Corriere della Sera, 18 novembre 2014
Knut Hamsun, lo scrittore premio Nobel che si innamorò del nazismo, e che poi pagò tutte le colpe del Furher. Rinchiuso tra maniconi e ospizi, fu privato della lettura di libri e giornali, divenne vittima di «incredibili perizie psichiatriche» e fu «costretto a pescare la corrispondenza nel lago di minestra e caffé che si formava nel suo vassoio»
Oramai quasi novantenne, Knut Hamsun fu costretto a girare tra manicomi e ospizi, sottoposto ad atroci soprusi da parte di carcerieri che non nutrivano soggezione alcuna per uno scrittore che pure nel 1929 era stato insignito del premio Nobel per la letteratura. Il romanzo che lo aveva reso famoso, Pan, era del 1894, Fame del 1900, lo stesso anno dell’ Interpretazione dei sogni di Sigmund Freud. Thomas Mann, Bertolt Brecht e Gottfried Benn riconoscevano nei suoi romanzi una delle vette della narrativa europea.
Ma dopo il 1945 questo gigante della cultura norvegese ed europea venne «umiliato in modi anche gratuiti», come ha scritto Filippo La Porta. Privato della lettura di libri e giornali, escluso dal prestito della biblioteca dell’ospizio (ed era pure quasi cieco), divenne vittima di «incredibili perizie psichiatriche» e, è ancora La Porta che scrive, fu «costretto a pescare la corrispondenza nel lago di minestra e caffé che si formava nel suo vassoio». Come mai questo trattamento crudele per uno scrittore tanto prestigioso? Perché si era infatuato così spudoratamente del nazismo da fare omaggio a Goebbels della sua medaglia del Nobel. Perché aveva vergato un servile panegirico all’Hitler trionfante. Perché aveva «tradito la Patria norvegese», accodandosi al governo fantoccio filonazista di Quisling. Perché aveva frequentato il Male assoluto. Perché aveva radicalizzato così furiosamente la sua protesta contro la modernità, la città, l’industria senz’anima che schiaccia gli individui, e aveva così idealizzato un culto per la Natura incontaminata e «autentica», da vedere nel nazismo e nel suo Führer il compimento di un eroico destino. Perciò doveva essere punito. E nelle forme più spietate.

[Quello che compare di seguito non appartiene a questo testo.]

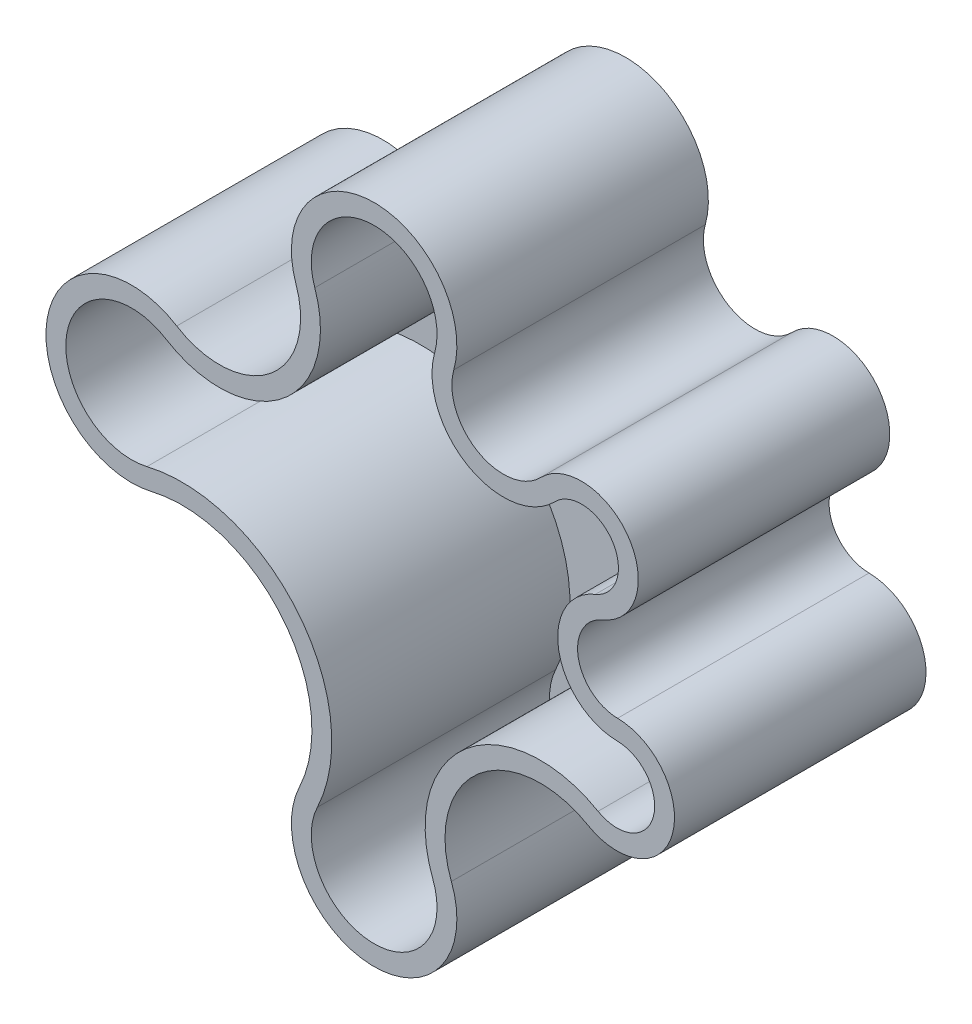
ISO-10303-21;
HEADER;
FILE_DESCRIPTION(('STEP AP214'),'2;1');
FILE_NAME('part.step','',(''),(''),'','','');
FILE_SCHEMA(('AUTOMOTIVE_DESIGN { 1 0 10303 214 1 1 1 1 }'));
ENDSEC;
DATA;
#1=APPLICATION_CONTEXT('core data for automotive mechanical design processes');
#2=APPLICATION_PROTOCOL_DEFINITION('international standard','automotive_design',2000,#1);
#3=PRODUCT_CONTEXT('',#1,'mechanical');
#4=PRODUCT('Part','Part','',(#3));
#5=PRODUCT_RELATED_PRODUCT_CATEGORY('part','',(#4));
#6=PRODUCT_DEFINITION_FORMATION('','',#4);
#7=PRODUCT_DEFINITION_CONTEXT('part definition',#1,'design');
#8=PRODUCT_DEFINITION('design','',#6,#7);
#9=PRODUCT_DEFINITION_SHAPE('','',#8);
#10=(LENGTH_UNIT() NAMED_UNIT(*) SI_UNIT(.MILLI.,.METRE.));
#11=(NAMED_UNIT(*) PLANE_ANGLE_UNIT() SI_UNIT($,.RADIAN.));
#12=(NAMED_UNIT(*) SI_UNIT($,.STERADIAN.) SOLID_ANGLE_UNIT());
#13=UNCERTAINTY_MEASURE_WITH_UNIT(LENGTH_MEASURE(1.E-05),#10,'distance_accuracy_value','');
#14=(GEOMETRIC_REPRESENTATION_CONTEXT(3) GLOBAL_UNCERTAINTY_ASSIGNED_CONTEXT((#13)) GLOBAL_UNIT_ASSIGNED_CONTEXT((#10,
#11,#12)) REPRESENTATION_CONTEXT('',''));
#15=CARTESIAN_POINT('',(0.,0.,0.));
#16=DIRECTION('',(0.,0.,1.));
#17=DIRECTION('',(1.,0.,0.));
#18=AXIS2_PLACEMENT_3D('',#15,#16,#17);
#19=CARTESIAN_POINT('',(36.8404343984216,7.0023134274037,2.));
#20=DIRECTION('',(0.,0.,-1.));
#21=DIRECTION('',(-1.,0.,0.));
#22=AXIS2_PLACEMENT_3D('',#19,#20,#21);
#23=CYLINDRICAL_SURFACE('',#22,6.10536726810264);
#24=CARTESIAN_POINT('',(36.8404343984216,7.0023134274037,0.));
#25=DIRECTION('',(0.,0.,1.));
#26=DIRECTION('',(1.,0.,0.));
#27=AXIS2_PLACEMENT_3D('',#24,#25,#26);
#28=CIRCLE('',#27,6.10536726810264);
#29=CARTESIAN_POINT('',(34.5476437263875,12.6608132650508,0.));
#30=VERTEX_POINT('',#29);
#31=CARTESIAN_POINT('',(36.7738381987945,0.897309379525085,0.));
#32=VERTEX_POINT('',#31);
#33=EDGE_CURVE('E278',#30,#32,#28,.T.);
#34=ORIENTED_EDGE('',*,*,#33,.F.);
#35=DIRECTION('',(0.,0.,-1.));
#36=VECTOR('',#35,1.);
#37=CARTESIAN_POINT('',(34.5476437263875,12.6608132650508,2.));
#38=LINE('',#37,#36);
#39=CARTESIAN_POINT('',(34.5476437263875,12.6608132650508,38.));
#40=VERTEX_POINT('',#39);
#41=EDGE_CURVE('E11',#40,#30,#38,.T.);
#42=ORIENTED_EDGE('',*,*,#41,.F.);
#43=CARTESIAN_POINT('',(36.8404343984216,7.0023134274037,38.));
#44=DIRECTION('',(0.,0.,-1.));
#45=DIRECTION('',(1.,0.,0.));
#46=AXIS2_PLACEMENT_3D('',#43,#44,#45);
#47=CIRCLE('',#46,6.10536726810264);
#48=CARTESIAN_POINT('',(36.7738381987945,0.897309379525083,38.));
#49=VERTEX_POINT('',#48);
#50=EDGE_CURVE('E275',#49,#40,#47,.T.);
#51=ORIENTED_EDGE('',*,*,#50,.F.);
#52=DIRECTION('',(0.,0.,-1.));
#53=VECTOR('',#52,1.);
#54=CARTESIAN_POINT('',(36.7738381987945,0.897309379525085,2.));
#55=LINE('',#54,#53);
#56=EDGE_CURVE('E308',#49,#32,#55,.T.);
#57=ORIENTED_EDGE('',*,*,#56,.T.);
#58=EDGE_LOOP('',(#34,#42,#51,#57));
#59=FACE_BOUND('',#58,.T.);
#60=ADVANCED_FACE('F35',(#59),#23,.F.);
#61=CARTESIAN_POINT('',(31.3236876204013,20.6173857183572,2.));
#62=DIRECTION('',(0.,0.,-1.));
#63=DIRECTION('',(-1.,0.,0.));
#64=AXIS2_PLACEMENT_3D('',#61,#62,#63);
#65=CYLINDRICAL_SURFACE('',#64,8.58492505372287);
#66=CARTESIAN_POINT('',(31.3236876204013,20.6173857183572,0.));
#67=DIRECTION('',(0.,0.,1.));
#68=DIRECTION('',(1.,0.,0.));
#69=AXIS2_PLACEMENT_3D('',#66,#67,#68);
#70=CIRCLE('',#69,8.58492505372287);
#71=CARTESIAN_POINT('',(25.1510926156939,26.5839600358278,0.));
#72=VERTEX_POINT('',#71);
#73=EDGE_CURVE('E281',#30,#72,#70,.T.);
#74=ORIENTED_EDGE('',*,*,#73,.T.);
#75=DIRECTION('',(0.,0.,-1.));
#76=VECTOR('',#75,1.);
#77=CARTESIAN_POINT('',(25.1510926156939,26.5839600358278,2.));
#78=LINE('',#77,#76);
#79=CARTESIAN_POINT('',(25.1510926156939,26.5839600358278,38.));
#80=VERTEX_POINT('',#79);
#81=EDGE_CURVE('E42',#80,#72,#78,.T.);
#82=ORIENTED_EDGE('',*,*,#81,.F.);
#83=CARTESIAN_POINT('',(31.3236876204013,20.6173857183572,38.));
#84=DIRECTION('',(0.,0.,1.));
#85=DIRECTION('',(1.,0.,0.));
#86=AXIS2_PLACEMENT_3D('',#83,#84,#85);
#87=CIRCLE('',#86,8.58492505372287);
#88=EDGE_CURVE('E184',#40,#80,#87,.T.);
#89=ORIENTED_EDGE('',*,*,#88,.F.);
#90=ORIENTED_EDGE('',*,*,#41,.T.);
#91=EDGE_LOOP('',(#74,#82,#89,#90));
#92=FACE_BOUND('',#91,.T.);
#93=ADVANCED_FACE('F330',(#92),#65,.T.);
#94=CARTESIAN_POINT('',(19.5425943505495,32.0052652863536,2.));
#95=DIRECTION('',(0.,0.,-1.));
#96=DIRECTION('',(-1.,0.,0.));
#97=AXIS2_PLACEMENT_3D('',#94,#95,#96);
#98=CYLINDRICAL_SURFACE('',#97,7.80037200455894);
#99=CARTESIAN_POINT('',(19.5425943505495,32.0052652863536,0.));
#100=DIRECTION('',(0.,0.,1.));
#101=DIRECTION('',(1.,0.,0.));
#102=AXIS2_PLACEMENT_3D('',#99,#100,#101);
#103=CIRCLE('',#102,7.80037200455894);
#104=CARTESIAN_POINT('',(12.0333966947507,34.1166046659068,0.));
#105=VERTEX_POINT('',#104);
#106=EDGE_CURVE('E284',#105,#72,#103,.T.);
#107=ORIENTED_EDGE('',*,*,#106,.F.);
#108=DIRECTION('',(0.,0.,-1.));
#109=VECTOR('',#108,1.);
#110=CARTESIAN_POINT('',(12.0333966947507,34.1166046659068,2.));
#111=LINE('',#110,#109);
#112=CARTESIAN_POINT('',(12.0333966947507,34.1166046659068,38.));
#113=VERTEX_POINT('',#112);
#114=EDGE_CURVE('E322',#113,#105,#111,.T.);
#115=ORIENTED_EDGE('',*,*,#114,.F.);
#116=CARTESIAN_POINT('',(19.5425943505495,32.0052652863536,38.));
#117=DIRECTION('',(0.,0.,-1.));
#118=DIRECTION('',(1.,0.,0.));
#119=AXIS2_PLACEMENT_3D('',#116,#117,#118);
#120=CIRCLE('',#119,7.80037200455893);
#121=EDGE_CURVE('E251',#80,#113,#120,.T.);
#122=ORIENTED_EDGE('',*,*,#121,.F.);
#123=ORIENTED_EDGE('',*,*,#81,.T.);
#124=EDGE_LOOP('',(#107,#115,#122,#123));
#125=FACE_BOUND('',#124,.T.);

In questi giorni l’editore Fazi ripubblica opportunamente un grande documento della condizione spirituale degli intellettuali nell’epoca dei totalitarismi: Per i sentieri dove cresce l’erba. È il resoconto dettagliato della punizione che Knut Hamsun dovette scontare per aver fornito idee, suggestioni, atmosfere, oggi si direbbe «narrazione», alla causa demoniaca del nazismo. Non si poteva tollerare che intellettuali prestigiosi avessero messo la loro penna o le loro tele al servizio di una causa dannata. Perciò la vicenda di Hamsun risulta ancora oggi conturbante. Le idee e le persone che le incarnavano vennero caricate di una responsabilità storica in una misura inedita nella storia moderna. Tra le parole e le cose la distanza fu abolita. Il fiancheggiamento ideologico dell’orrore venne equiparato all’orrore stesso. Non poteva esserci differenza tra uno scrittore e un aguzzino di Auschwitz. Un grande giurista che servì senza riserve ogni atto del nazismo, Carl Schmitt, venne messo in prigione per un anno e mezzo e portato alla sbarra a Norimberga come «maggior criminale dal punto di vista morale». Le pagine del suo Ex captivitate salus (tradotto e pubblicato in Italia da Adelphi) assomigliano in modo impressionante a quelle di Hamsun in Nei sentieri dove cresce l’erba. Affiora in entrambi lo sconcerto per qualcosa di inaudito: l’equiparazione «dal punto di vista morale» dell’adesione intellettuale a un regime rispetto alle nefandezze da esso compiuto. Portare argomenti intellettuali a un regime che si è macchiato di crimini contro l’umanità diventò esso stesso un crimine contro l’umanità.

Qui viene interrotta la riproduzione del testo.